Also Appearing in This Issue of JAMA

EMBARGOED FOR RELEASE: 3 P.M. (CT) TUESDAY, MARCH 5, 2013


Index May Help Predict 10-Year Mortality Among Older Adults

“Recent guidelines recommend considering patients’ life expectancy when deciding whether to pursue preventive interventions with long lag times to benefit (≥ 7 years) such as colorectal cancer screening and intensive glycemic control for diabetes. However, most mortality indices have focused on short-term risk (≤ 5 years),” writes Marisa Cruz, M.D., of the University of California, San Francisco, and colleagues. The researchers examined whether their previously developed 4-year mortality index accurately predicted 10-year mortality.

As reported in a Research Letter, this analysis used 1998 data from the Health and Retirement Study (HRS), a nationally representative cohort of community-dwelling U.S. adults older than 50 years. The primary predictor was a 12-item mortality index, and participants received points depending on answers to the following: age; sex; current tobacco use; body mass index; diabetes; nonskin cancers; chronic lung disease; heart failure; difficulty bathing; difficulty managing finances; difficulty walking several blocks; and difficulty pushing/pulling large objects. The primary outcome was death through 2008 (10-year mortality). A risk score was calculated for each participant by summing the points for each risk factor present.

The researchers found that in the development cohort, 10-year mortality rates ranged from 2.5 percent (n=12/486) for participants with 0 points to 96 percent (n=298/310) for participants with 14 or more points. In the validation cohort, 10-year mortality rates ranged from 2.3 percent (n=8/354) to 93 percent (n= 239/257).

“We validated a mortality index that accurately stratified older adults into groups at varying risk for 10-year mortality,” the authors write. “Patients identified by this index as having a high risk of 10-year mortality may be more likely to be harmed by preventive interventions with long lag times to benefit, whereas patients identified as having a low risk of 10-year mortality may be good candidates for such interventions.”

(JAMA. 2013;309[9]:874-876. Available pre-embargo to the media at http://media.jamanetwork.com)

 

Viewpoints in This Issue of JAMA

Keeping an Eye on Distracted Driving

In 2003, cell phone use while driving was estimated to cause 333,000 total injuries, 12,000 serious to critical injuries, and 2,600 fatalities annually. From 2005 to 2009, fatalities associated with driver distraction increased by 22 percent. Jeffrey H. Coben, M.D., and Motao Zhu, M.D., Ph.D., of West Virginia University, Morgantown, write that new technological and regulatory approaches are needed to reduce handheld phone use and texting while driving.
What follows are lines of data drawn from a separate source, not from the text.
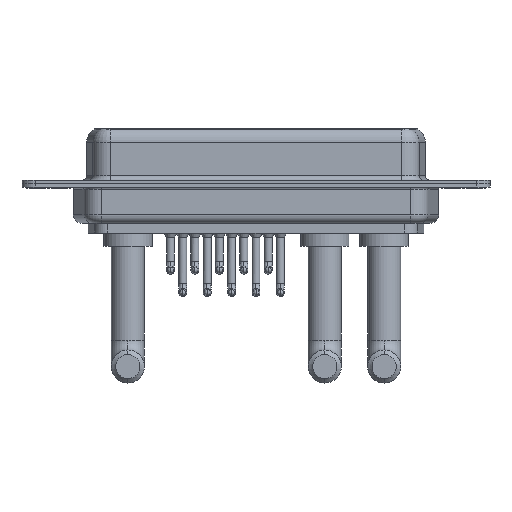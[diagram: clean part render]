
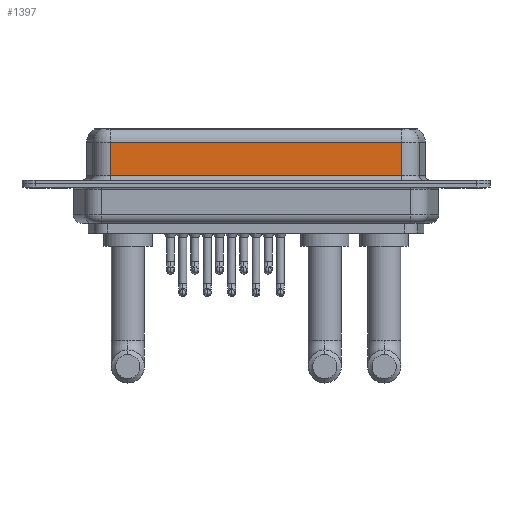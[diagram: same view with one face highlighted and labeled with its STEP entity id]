
A CAD part, front view. The second image highlights one B-rep face of the part: STEP entity #1397.
In plain terms, the highlighted planar face has unit normal (0, -1, 0).
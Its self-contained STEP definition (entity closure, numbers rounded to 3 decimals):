
#357 = VECTOR ( 'NONE', #5364, 1000. ) ;
#1174 = CARTESIAN_POINT ( 'NONE',  ( 40.037, -3.95, 0.9 ) ) ;
#1309 = PLANE ( 'NONE',  #1344 ) ;
#1344 = AXIS2_PLACEMENT_3D ( 'NONE', #10891, #8015, #13267 ) ;
#1397 = ADVANCED_FACE ( 'NONE', ( #5565 ), #1309, .F. ) ;
#1446 = CARTESIAN_POINT ( 'NONE',  ( 7.013, -3.95, 6.4 ) ) ;
#2420 = VERTEX_POINT ( 'NONE', #12937 ) ;
#2590 = CARTESIAN_POINT ( 'NONE',  ( 40.037, -3.95, 6.4 ) ) ;
#2743 = DIRECTION ( 'NONE',  ( 1., 0., 0. ) ) ;
#3045 = VERTEX_POINT ( 'NONE', #14639 ) ;
#3416 = EDGE_CURVE ( 'NONE', #9822, #14120, #10509, .T. ) ;
#5364 = DIRECTION ( 'NONE',  ( 0., 0., -1. ) ) ;
#5565 = FACE_OUTER_BOUND ( 'NONE', #16579, .T. ) ;
#5883 = VECTOR ( 'NONE', #12105, 1000. ) ;
#6038 = EDGE_CURVE ( 'NONE', #3045, #2420, #10768, .T. ) ;
#6345 = CARTESIAN_POINT ( 'NONE',  ( 40.037, -3.95, 0.9 ) ) ;
#6859 = LINE ( 'NONE', #2590, #5883 ) ;
#7184 = VECTOR ( 'NONE', #11895, 1000. ) ;
#8015 = DIRECTION ( 'NONE',  ( 0., 1., 0. ) ) ;
#8051 = CARTESIAN_POINT ( 'NONE',  ( 40.037, -3.95, 4.65 ) ) ;
#8339 = ORIENTED_EDGE ( 'NONE', *, *, #10159, .T. ) ;
#9012 = ORIENTED_EDGE ( 'NONE', *, *, #3416, .T. ) ;
#9337 = VECTOR ( 'NONE', #2743, 1000. ) ;
#9435 = ORIENTED_EDGE ( 'NONE', *, *, #6038, .T. ) ;
#9822 = VERTEX_POINT ( 'NONE', #10540 ) ;
#10159 = EDGE_CURVE ( 'NONE', #2420, #9822, #12090, .T. ) ;
#10509 = LINE ( 'NONE', #1174, #9337 ) ;
#10540 = CARTESIAN_POINT ( 'NONE',  ( 7.013, -3.95, 0.9 ) ) ;
#10768 = LINE ( 'NONE', #8051, #7184 ) ;
#10891 = CARTESIAN_POINT ( 'NONE',  ( 40.037, -3.95, 6.4 ) ) ;
#11895 = DIRECTION ( 'NONE',  ( -1., 0., 0. ) ) ;
#12090 = LINE ( 'NONE', #1446, #357 ) ;
#12105 = DIRECTION ( 'NONE',  ( 0., 0., -1. ) ) ;
#12937 = CARTESIAN_POINT ( 'NONE',  ( 7.013, -3.95, 4.65 ) ) ;
#12970 = EDGE_CURVE ( 'NONE', #3045, #14120, #6859, .T. ) ;
#13267 = DIRECTION ( 'NONE',  ( 0., 0., 1. ) ) ;
#14120 = VERTEX_POINT ( 'NONE', #6345 ) ;
#14639 = CARTESIAN_POINT ( 'NONE',  ( 40.037, -3.95, 4.65 ) ) ;
#16579 = EDGE_LOOP ( 'NONE', ( #16679, #9435, #8339, #9012 ) ) ;
#16679 = ORIENTED_EDGE ( 'NONE', *, *, #12970, .F. ) ;
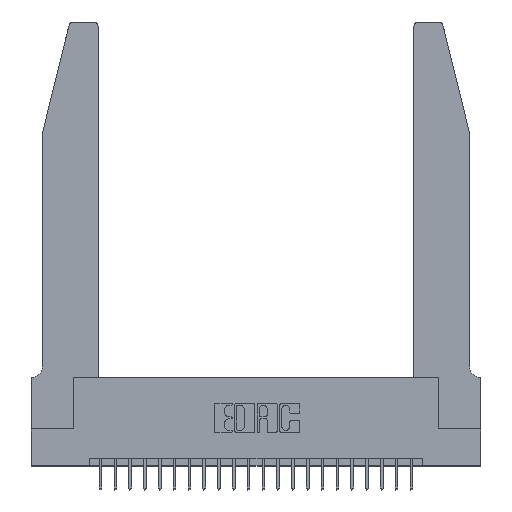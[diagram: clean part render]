
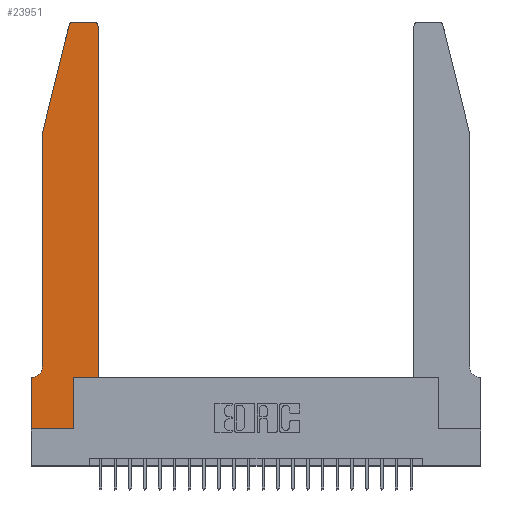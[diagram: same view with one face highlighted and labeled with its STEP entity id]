
A CAD part, top view. The second image highlights one B-rep face of the part: STEP entity #23951.
In plain terms, the highlighted planar face has unit normal (0, 0, 1).
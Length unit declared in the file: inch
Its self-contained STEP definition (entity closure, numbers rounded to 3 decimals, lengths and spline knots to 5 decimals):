
#59 = CARTESIAN_POINT ( 'NONE',  ( 0., 0., 0.37 ) ) ;
#225 = VECTOR ( 'NONE', #9710, 39.37008 ) ;
#437 = CIRCLE ( 'NONE', #23717, 0.07 ) ;
#1847 = FACE_OUTER_BOUND ( 'NONE', #22256, .T. ) ;
#1922 = CARTESIAN_POINT ( 'NONE',  ( 0.4205, 2.72, 0.37 ) ) ;
#2088 = VERTEX_POINT ( 'NONE', #7696 ) ;
#2216 = AXIS2_PLACEMENT_3D ( 'NONE', #5716, #7918, #4125 ) ;
#2343 = VECTOR ( 'NONE', #20849, 39.37008 ) ;
#2680 = ORIENTED_EDGE ( 'NONE', *, *, #18402, .T. ) ;
#3114 = LINE ( 'NONE', #22307, #20199 ) ;
#3784 = DIRECTION ( 'NONE',  ( 1., 0., 0. ) ) ;
#3927 = LINE ( 'NONE', #23998, #14800 ) ;
#4038 = ORIENTED_EDGE ( 'NONE', *, *, #20078, .T. ) ;
#4125 = DIRECTION ( 'NONE',  ( 1., 0., 0. ) ) ;
#4311 = CARTESIAN_POINT ( 'NONE',  ( 0.4505, 0.35, 0.37 ) ) ;
#4480 = CIRCLE ( 'NONE', #2216, 0.03 ) ;
#4757 = DIRECTION ( 'NONE',  ( -1., 0., 0. ) ) ;
#5195 = DIRECTION ( 'NONE',  ( 0., 0., 1. ) ) ;
#5345 = VERTEX_POINT ( 'NONE', #12759 ) ;
#5646 = ORIENTED_EDGE ( 'NONE', *, *, #20606, .T. ) ;
#5716 = CARTESIAN_POINT ( 'NONE',  ( 0.284, 2.72, 0.37 ) ) ;
#5851 = EDGE_CURVE ( 'NONE', #24029, #22223, #20867, .T. ) ;
#6284 = VERTEX_POINT ( 'NONE', #4311 ) ;
#6321 = CARTESIAN_POINT ( 'NONE',  ( 0., 0., 0.37 ) ) ;
#7273 = EDGE_CURVE ( 'NONE', #14478, #2088, #3114, .T. ) ;
#7283 = VERTEX_POINT ( 'NONE', #21979 ) ;
#7490 = LINE ( 'NONE', #19509, #2343 ) ;
#7696 = CARTESIAN_POINT ( 'NONE',  ( 0.284, 2.75, 0.37 ) ) ;
#7762 = CARTESIAN_POINT ( 'NONE',  ( 0.2865, 0.35, 0.37 ) ) ;
#7918 = DIRECTION ( 'NONE',  ( 0., 0., 1. ) ) ;
#8103 = VECTOR ( 'NONE', #14240, 39.37008 ) ;
#8256 = ORIENTED_EDGE ( 'NONE', *, *, #20307, .T. ) ;
#8549 = ORIENTED_EDGE ( 'NONE', *, *, #16526, .T. ) ;
#8574 = DIRECTION ( 'NONE',  ( -1., 0., 0. ) ) ;
#8793 = ORIENTED_EDGE ( 'NONE', *, *, #12850, .T. ) ;
#9028 = AXIS2_PLACEMENT_3D ( 'NONE', #12517, #5195, #22161 ) ;
#9427 = DIRECTION ( 'NONE',  ( 0., 1., 0. ) ) ;
#9585 = CIRCLE ( 'NONE', #18583, 0.03 ) ;
#9710 = DIRECTION ( 'NONE',  ( 0., -1., 0. ) ) ;
#10454 = DIRECTION ( 'NONE',  ( 0., -1., 0. ) ) ;
#11067 = CARTESIAN_POINT ( 'NONE',  ( 0.2865, 0., 0.37 ) ) ;
#11242 = EDGE_CURVE ( 'NONE', #11339, #6284, #7490, .T. ) ;
#11339 = VERTEX_POINT ( 'NONE', #23949 ) ;
#11414 = VECTOR ( 'NONE', #17095, 39.37008 ) ;
#11569 = ORIENTED_EDGE ( 'NONE', *, *, #18983, .T. ) ;
#11650 = CARTESIAN_POINT ( 'NONE',  ( 0.0755, 0.42, 0.37 ) ) ;
#11753 = ORIENTED_EDGE ( 'NONE', *, *, #5851, .T. ) ;
#12517 = CARTESIAN_POINT ( 'NONE',  ( 0., 0.35, 0.37 ) ) ;
#12596 = EDGE_CURVE ( 'NONE', #7283, #24029, #13441, .T. ) ;
#12759 = CARTESIAN_POINT ( 'NONE',  ( 0.25487, 2.72718, 0.37 ) ) ;
#12850 = EDGE_CURVE ( 'NONE', #24245, #19937, #15239, .T. ) ;
#12985 = ORIENTED_EDGE ( 'NONE', *, *, #20717, .T. ) ;
#13351 = CARTESIAN_POINT ( 'NONE',  ( 0.0055, 0.35, 0.37 ) ) ;
#13441 = LINE ( 'NONE', #6321, #19101 ) ;
#13672 = CARTESIAN_POINT ( 'NONE',  ( 0.0755, 2., 0.37 ) ) ;
#13929 = VERTEX_POINT ( 'NONE', #23026 ) ;
#14240 = DIRECTION ( 'NONE',  ( -1., 0., 0. ) ) ;
#14478 = VERTEX_POINT ( 'NONE', #24339 ) ;
#14530 = DIRECTION ( 'NONE',  ( 1., 0., 0. ) ) ;
#14800 = VECTOR ( 'NONE', #22172, 39.37008 ) ;
#15239 = LINE ( 'NONE', #21120, #225 ) ;
#15334 = CARTESIAN_POINT ( 'NONE',  ( 0.4505, 0.35, 0.37 ) ) ;
#15549 = VECTOR ( 'NONE', #14530, 39.37008 ) ;
#16047 = DIRECTION ( 'NONE',  ( 0., 0., -1. ) ) ;
#16179 = ORIENTED_EDGE ( 'NONE', *, *, #7273, .T. ) ;
#16513 = LINE ( 'NONE', #15334, #11414 ) ;
#16526 = EDGE_CURVE ( 'NONE', #19937, #18706, #437, .T. ) ;
#16869 = CARTESIAN_POINT ( 'NONE',  ( 0., 0., 0.37 ) ) ;
#17095 = DIRECTION ( 'NONE',  ( 0., 1., 0. ) ) ;
#17503 = ORIENTED_EDGE ( 'NONE', *, *, #11242, .T. ) ;
#17987 = LINE ( 'NONE', #19806, #8103 ) ;
#18402 = EDGE_CURVE ( 'NONE', #5345, #24245, #3927, .T. ) ;
#18583 = AXIS2_PLACEMENT_3D ( 'NONE', #1922, #21275, #3784 ) ;
#18706 = VERTEX_POINT ( 'NONE', #13351 ) ;
#18845 = ORIENTED_EDGE ( 'NONE', *, *, #12596, .T. ) ;
#18983 = EDGE_CURVE ( 'NONE', #22223, #11339, #19539, .T. ) ;
#19101 = VECTOR ( 'NONE', #10454, 39.37008 ) ;
#19509 = CARTESIAN_POINT ( 'NONE',  ( 0.4505, 0.35, 0.37 ) ) ;
#19539 = LINE ( 'NONE', #7762, #20120 ) ;
#19806 = CARTESIAN_POINT ( 'NONE',  ( 0.0755, 0.35, 0.37 ) ) ;
#19937 = VERTEX_POINT ( 'NONE', #11650 ) ;
#20078 = EDGE_CURVE ( 'NONE', #6284, #13929, #16513, .T. ) ;
#20120 = VECTOR ( 'NONE', #9427, 39.37008 ) ;
#20199 = VECTOR ( 'NONE', #4757, 39.37008 ) ;
#20230 = PLANE ( 'NONE',  #9028 ) ;
#20307 = EDGE_CURVE ( 'NONE', #18706, #7283, #17987, .T. ) ;
#20606 = EDGE_CURVE ( 'NONE', #13929, #14478, #9585, .T. ) ;
#20717 = EDGE_CURVE ( 'NONE', #2088, #5345, #4480, .T. ) ;
#20849 = DIRECTION ( 'NONE',  ( 1., 0., 0. ) ) ;
#20867 = LINE ( 'NONE', #59, #15549 ) ;
#21120 = CARTESIAN_POINT ( 'NONE',  ( 0.0755, 2., 0.37 ) ) ;
#21275 = DIRECTION ( 'NONE',  ( 0., 0., 1. ) ) ;
#21773 = CARTESIAN_POINT ( 'NONE',  ( 0.0055, 0.42, 0.37 ) ) ;
#21979 = CARTESIAN_POINT ( 'NONE',  ( 0., 0.35, 0.37 ) ) ;
#22161 = DIRECTION ( 'NONE',  ( 1., 0., 0. ) ) ;
#22172 = DIRECTION ( 'NONE',  ( -0.239, -0.971, 0. ) ) ;
#22223 = VERTEX_POINT ( 'NONE', #11067 ) ;
#22256 = EDGE_LOOP ( 'NONE', ( #16179, #12985, #2680, #8793, #8549, #8256, #18845, #11753, #11569, #17503, #4038, #5646 ) ) ;
#22307 = CARTESIAN_POINT ( 'NONE',  ( 0.2605, 2.75, 0.37 ) ) ;
#23026 = CARTESIAN_POINT ( 'NONE',  ( 0.4505, 2.72, 0.37 ) ) ;
#23717 = AXIS2_PLACEMENT_3D ( 'NONE', #21773, #16047, #8574 ) ;
#23949 = CARTESIAN_POINT ( 'NONE',  ( 0.2865, 0.35, 0.37 ) ) ;
#23951 = ADVANCED_FACE ( 'NONE', ( #1847 ), #20230, .T. ) ;
#23998 = CARTESIAN_POINT ( 'NONE',  ( 0.0755, 2., 0.37 ) ) ;
#24029 = VERTEX_POINT ( 'NONE', #16869 ) ;
#24245 = VERTEX_POINT ( 'NONE', #13672 ) ;
#24339 = CARTESIAN_POINT ( 'NONE',  ( 0.4205, 2.75, 0.37 ) ) ;

“Strong and courageous action is needed to effectively deal with the problem of cell phone use while driving. Education, legislation, and voluntary guidelines are insufficient. The federal government should enact stringent new safety standards that require all handheld devices to be rendered inoperable when the motor vehicle is in motion. Failure to act in this manner will result in the continued loss of thousands of lives each year to this preventable public safety hazard. In this era of smartphones and smart cars, it is time to be smarter about keeping them apart from one another.

(JAMA. 2013;309[9]:877-878. Available pre-embargo to the media at http://media.jamanetwork.com)

Please Note: An author podcast on this study will be available post-embargo on the JAMA website.

 

Improving Opioid Prescribing – The New York City Recommendations

“On January 10, 2013, New York City Mayor Michael Bloomberg announced new guidelines for the prescribing of opioid analgesics to patients being discharged from the city’s emergency departments. The guidelines were developed by a panel of emergency physicians and are intended to reduce opioid addiction and overdose deaths while preserving access to opioids for patients in whom the benefits are expected to exceed the harms,” writes David N. Juurlink, M.D., Ph.D., of the University of Toronto, and colleagues.

In this Viewpoint, the authors examine “why such guidelines are necessary and what complementary actions physicians, patients, and health authorities should take to address the increasing problem of opioid-related harm.”

(JAMA. 2013;309[9]:879-880. Available pre-embargo to the media at http://media.jamanetwork.com)

Editor’s Note: Please see the articles for additional information, including other authors, author contributions and affiliations, financial disclosures, funding and support, etc.